TASK DETAILS> Print every line from the start of the data, and when you reach the line with "doc.linetypes.add(name, pattern=pattern)", include it and stop. Pictures are not part of the copy.

SUPPLIED MATERIAL>
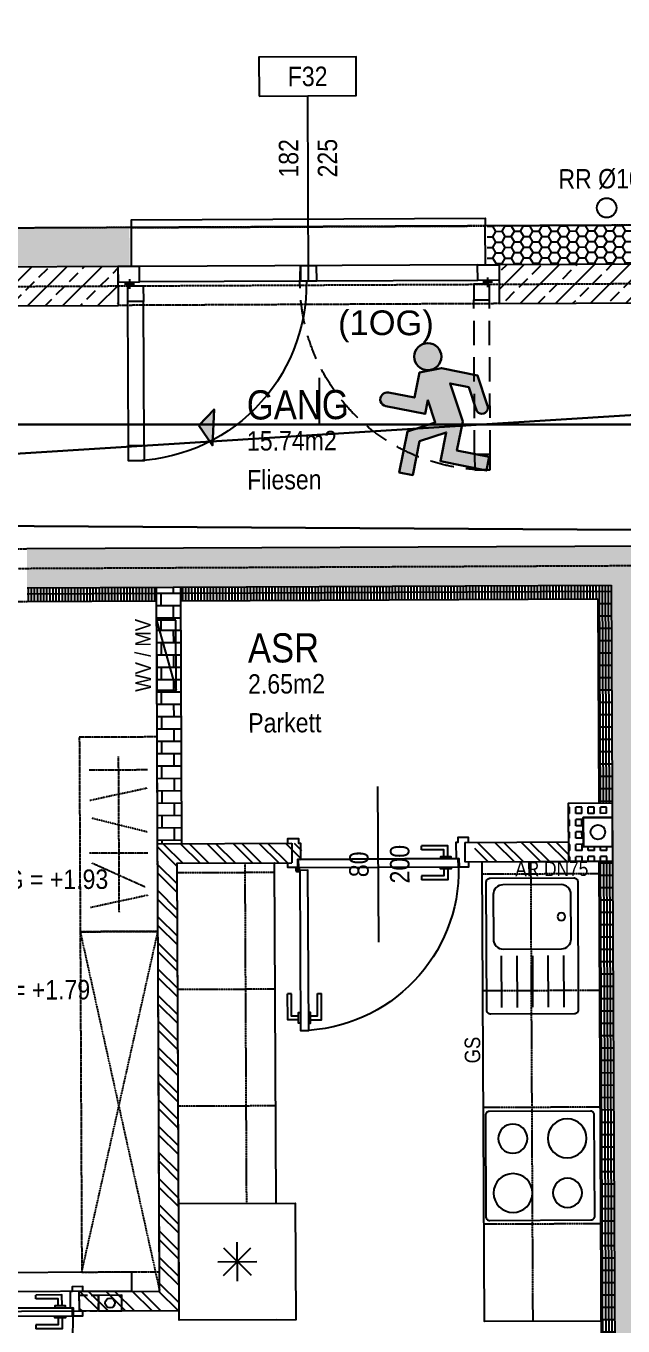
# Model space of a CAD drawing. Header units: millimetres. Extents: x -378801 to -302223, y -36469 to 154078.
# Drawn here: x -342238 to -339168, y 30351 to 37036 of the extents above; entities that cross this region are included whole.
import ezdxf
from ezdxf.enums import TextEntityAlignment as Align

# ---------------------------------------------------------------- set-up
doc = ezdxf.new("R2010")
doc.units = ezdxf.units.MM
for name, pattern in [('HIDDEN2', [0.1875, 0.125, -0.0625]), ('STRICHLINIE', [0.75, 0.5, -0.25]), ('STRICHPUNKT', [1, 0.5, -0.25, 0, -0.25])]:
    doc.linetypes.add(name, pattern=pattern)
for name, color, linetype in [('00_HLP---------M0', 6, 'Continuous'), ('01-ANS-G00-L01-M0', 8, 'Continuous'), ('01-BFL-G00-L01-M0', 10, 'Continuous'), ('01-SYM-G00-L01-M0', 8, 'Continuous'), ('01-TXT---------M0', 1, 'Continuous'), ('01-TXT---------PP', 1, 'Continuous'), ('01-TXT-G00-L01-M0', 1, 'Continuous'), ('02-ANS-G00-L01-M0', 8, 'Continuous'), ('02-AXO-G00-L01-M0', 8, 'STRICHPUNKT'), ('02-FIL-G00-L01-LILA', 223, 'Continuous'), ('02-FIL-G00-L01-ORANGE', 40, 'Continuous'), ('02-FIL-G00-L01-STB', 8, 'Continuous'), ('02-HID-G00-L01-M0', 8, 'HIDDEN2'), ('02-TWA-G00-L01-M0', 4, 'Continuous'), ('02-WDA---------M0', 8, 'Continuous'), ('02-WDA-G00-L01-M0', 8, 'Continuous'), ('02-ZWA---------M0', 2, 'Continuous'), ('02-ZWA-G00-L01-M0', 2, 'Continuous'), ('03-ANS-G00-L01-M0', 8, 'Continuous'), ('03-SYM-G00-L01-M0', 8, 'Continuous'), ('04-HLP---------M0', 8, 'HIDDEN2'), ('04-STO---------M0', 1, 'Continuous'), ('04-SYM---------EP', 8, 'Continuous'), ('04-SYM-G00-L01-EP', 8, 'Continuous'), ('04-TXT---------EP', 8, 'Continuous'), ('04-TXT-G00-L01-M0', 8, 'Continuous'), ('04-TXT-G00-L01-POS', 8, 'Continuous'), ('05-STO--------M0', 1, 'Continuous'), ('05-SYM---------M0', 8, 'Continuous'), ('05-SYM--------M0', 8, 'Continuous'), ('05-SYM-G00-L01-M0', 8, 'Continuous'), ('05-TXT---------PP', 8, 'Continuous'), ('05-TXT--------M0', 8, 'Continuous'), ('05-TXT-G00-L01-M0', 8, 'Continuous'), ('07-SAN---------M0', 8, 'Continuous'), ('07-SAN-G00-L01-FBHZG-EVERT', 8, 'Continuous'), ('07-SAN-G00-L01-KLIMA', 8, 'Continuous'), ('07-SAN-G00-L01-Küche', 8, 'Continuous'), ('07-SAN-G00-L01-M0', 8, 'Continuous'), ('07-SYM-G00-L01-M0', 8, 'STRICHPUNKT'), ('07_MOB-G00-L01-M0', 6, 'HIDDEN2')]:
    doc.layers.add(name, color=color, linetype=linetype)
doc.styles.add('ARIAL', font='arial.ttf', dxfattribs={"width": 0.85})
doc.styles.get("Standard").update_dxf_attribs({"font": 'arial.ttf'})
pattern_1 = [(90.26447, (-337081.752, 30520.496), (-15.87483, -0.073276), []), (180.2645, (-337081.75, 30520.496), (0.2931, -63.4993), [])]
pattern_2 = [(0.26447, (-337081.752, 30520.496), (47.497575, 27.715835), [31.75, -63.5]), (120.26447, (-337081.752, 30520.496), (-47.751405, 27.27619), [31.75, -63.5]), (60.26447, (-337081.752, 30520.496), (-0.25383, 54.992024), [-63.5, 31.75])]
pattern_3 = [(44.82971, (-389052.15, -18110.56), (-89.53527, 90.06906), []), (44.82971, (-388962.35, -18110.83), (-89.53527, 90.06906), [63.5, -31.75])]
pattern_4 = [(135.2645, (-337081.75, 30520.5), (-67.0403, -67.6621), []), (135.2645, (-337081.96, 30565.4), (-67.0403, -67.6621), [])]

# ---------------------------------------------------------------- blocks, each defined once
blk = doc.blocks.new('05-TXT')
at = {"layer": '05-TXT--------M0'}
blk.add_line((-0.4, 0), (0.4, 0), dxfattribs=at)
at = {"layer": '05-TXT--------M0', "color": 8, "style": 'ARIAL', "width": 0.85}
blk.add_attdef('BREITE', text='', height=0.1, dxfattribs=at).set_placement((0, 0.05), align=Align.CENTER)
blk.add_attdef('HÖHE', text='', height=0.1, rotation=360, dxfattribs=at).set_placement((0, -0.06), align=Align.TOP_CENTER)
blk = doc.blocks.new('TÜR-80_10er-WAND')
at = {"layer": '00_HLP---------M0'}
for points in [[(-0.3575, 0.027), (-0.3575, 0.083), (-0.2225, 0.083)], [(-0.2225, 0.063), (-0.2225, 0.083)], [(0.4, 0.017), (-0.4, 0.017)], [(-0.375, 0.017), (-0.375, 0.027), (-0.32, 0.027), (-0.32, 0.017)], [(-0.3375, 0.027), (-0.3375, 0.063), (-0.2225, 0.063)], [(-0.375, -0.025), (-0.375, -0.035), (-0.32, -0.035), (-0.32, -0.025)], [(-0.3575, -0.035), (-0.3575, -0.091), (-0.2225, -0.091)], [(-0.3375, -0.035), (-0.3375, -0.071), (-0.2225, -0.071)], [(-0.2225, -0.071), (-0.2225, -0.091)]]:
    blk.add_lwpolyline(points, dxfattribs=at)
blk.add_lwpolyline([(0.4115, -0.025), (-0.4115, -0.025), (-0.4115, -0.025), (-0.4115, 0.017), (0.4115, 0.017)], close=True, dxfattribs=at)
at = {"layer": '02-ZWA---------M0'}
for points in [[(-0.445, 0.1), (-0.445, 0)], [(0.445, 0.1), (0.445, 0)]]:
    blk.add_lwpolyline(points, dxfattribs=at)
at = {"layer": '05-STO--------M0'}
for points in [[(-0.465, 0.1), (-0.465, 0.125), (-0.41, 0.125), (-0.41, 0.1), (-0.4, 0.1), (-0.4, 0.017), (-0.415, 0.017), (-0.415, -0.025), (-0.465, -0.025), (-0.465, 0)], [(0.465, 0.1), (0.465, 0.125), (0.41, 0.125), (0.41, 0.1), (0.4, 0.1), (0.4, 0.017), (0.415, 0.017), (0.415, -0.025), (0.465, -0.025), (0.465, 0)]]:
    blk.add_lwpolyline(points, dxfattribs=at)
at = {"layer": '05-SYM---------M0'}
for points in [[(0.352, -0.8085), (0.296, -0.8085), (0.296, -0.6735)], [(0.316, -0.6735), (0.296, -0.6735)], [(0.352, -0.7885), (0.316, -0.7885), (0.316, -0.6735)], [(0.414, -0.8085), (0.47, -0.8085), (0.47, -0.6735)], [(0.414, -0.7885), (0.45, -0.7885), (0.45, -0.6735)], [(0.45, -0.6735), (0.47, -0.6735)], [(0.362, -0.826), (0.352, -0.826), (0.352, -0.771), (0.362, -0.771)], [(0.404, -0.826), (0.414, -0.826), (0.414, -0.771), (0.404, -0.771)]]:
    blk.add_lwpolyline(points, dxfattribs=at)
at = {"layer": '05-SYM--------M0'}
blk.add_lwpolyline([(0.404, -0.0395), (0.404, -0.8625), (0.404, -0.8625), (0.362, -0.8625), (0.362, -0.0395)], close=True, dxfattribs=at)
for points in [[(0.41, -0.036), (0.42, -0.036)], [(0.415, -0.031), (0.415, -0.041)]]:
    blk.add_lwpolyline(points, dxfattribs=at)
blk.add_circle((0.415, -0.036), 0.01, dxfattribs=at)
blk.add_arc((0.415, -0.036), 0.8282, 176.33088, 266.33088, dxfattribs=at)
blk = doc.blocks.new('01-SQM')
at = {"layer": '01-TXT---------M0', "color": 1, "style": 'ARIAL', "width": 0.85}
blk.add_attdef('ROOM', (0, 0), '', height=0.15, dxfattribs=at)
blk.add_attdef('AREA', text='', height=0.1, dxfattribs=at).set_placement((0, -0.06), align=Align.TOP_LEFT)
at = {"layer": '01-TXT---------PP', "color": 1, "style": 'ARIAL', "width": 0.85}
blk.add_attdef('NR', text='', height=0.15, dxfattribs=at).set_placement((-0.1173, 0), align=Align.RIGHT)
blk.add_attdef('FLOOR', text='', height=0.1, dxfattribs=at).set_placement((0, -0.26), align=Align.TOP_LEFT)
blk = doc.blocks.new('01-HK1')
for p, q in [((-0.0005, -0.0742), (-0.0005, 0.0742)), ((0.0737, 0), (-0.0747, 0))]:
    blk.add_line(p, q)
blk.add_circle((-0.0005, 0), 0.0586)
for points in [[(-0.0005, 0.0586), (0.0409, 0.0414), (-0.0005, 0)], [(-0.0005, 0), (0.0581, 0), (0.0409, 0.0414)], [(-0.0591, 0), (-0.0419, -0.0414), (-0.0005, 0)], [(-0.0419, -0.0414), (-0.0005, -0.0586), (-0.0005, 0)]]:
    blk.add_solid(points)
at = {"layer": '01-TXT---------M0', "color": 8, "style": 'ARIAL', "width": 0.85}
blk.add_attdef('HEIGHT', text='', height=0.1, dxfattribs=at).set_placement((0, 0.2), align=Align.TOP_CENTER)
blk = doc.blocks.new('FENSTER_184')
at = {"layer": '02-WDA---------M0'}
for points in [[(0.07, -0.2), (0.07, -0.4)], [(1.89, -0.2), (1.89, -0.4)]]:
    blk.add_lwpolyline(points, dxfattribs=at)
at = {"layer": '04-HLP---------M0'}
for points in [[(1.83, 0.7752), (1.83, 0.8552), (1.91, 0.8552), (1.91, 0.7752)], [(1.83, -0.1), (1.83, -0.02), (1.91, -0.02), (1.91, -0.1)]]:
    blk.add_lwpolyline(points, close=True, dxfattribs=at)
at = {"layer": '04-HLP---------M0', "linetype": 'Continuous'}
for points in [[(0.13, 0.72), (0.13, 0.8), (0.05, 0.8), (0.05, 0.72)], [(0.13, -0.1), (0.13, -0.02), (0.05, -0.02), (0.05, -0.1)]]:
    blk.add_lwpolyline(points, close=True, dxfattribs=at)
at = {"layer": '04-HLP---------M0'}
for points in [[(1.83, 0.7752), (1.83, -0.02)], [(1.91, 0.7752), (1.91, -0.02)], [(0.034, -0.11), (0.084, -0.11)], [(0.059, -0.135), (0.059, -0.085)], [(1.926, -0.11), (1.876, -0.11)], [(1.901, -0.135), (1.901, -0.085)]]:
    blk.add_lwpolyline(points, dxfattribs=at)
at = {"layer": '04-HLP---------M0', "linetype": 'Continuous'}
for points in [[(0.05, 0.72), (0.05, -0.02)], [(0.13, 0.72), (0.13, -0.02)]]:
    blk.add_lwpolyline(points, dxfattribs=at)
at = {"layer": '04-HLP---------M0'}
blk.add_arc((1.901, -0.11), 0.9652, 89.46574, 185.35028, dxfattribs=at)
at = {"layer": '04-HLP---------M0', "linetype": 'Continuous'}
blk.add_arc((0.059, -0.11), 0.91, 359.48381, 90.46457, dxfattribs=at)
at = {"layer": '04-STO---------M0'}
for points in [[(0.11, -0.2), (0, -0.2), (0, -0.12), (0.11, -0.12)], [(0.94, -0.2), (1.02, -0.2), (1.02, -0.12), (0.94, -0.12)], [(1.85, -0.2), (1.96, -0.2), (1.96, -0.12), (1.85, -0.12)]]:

RESULT>
# Model space of a CAD drawing. Header units: millimetres. Extents: x -378801 to -302223, y -36469 to 154078.
# Drawn here: x -342238 to -339168, y 30351 to 37036 of the extents above; entities that cross this region are included whole.
import ezdxf
from ezdxf.enums import TextEntityAlignment as Align

# ---------------------------------------------------------------- set-up
doc = ezdxf.new("R2010")
doc.units = ezdxf.units.MM
for name, pattern in [('HIDDEN2', [0.1875, 0.125, -0.0625]), ('STRICHLINIE', [0.75, 0.5, -0.25]), ('STRICHPUNKT', [1, 0.5, -0.25, 0, -0.25])]:
    doc.linetypes.add(name, pattern=pattern)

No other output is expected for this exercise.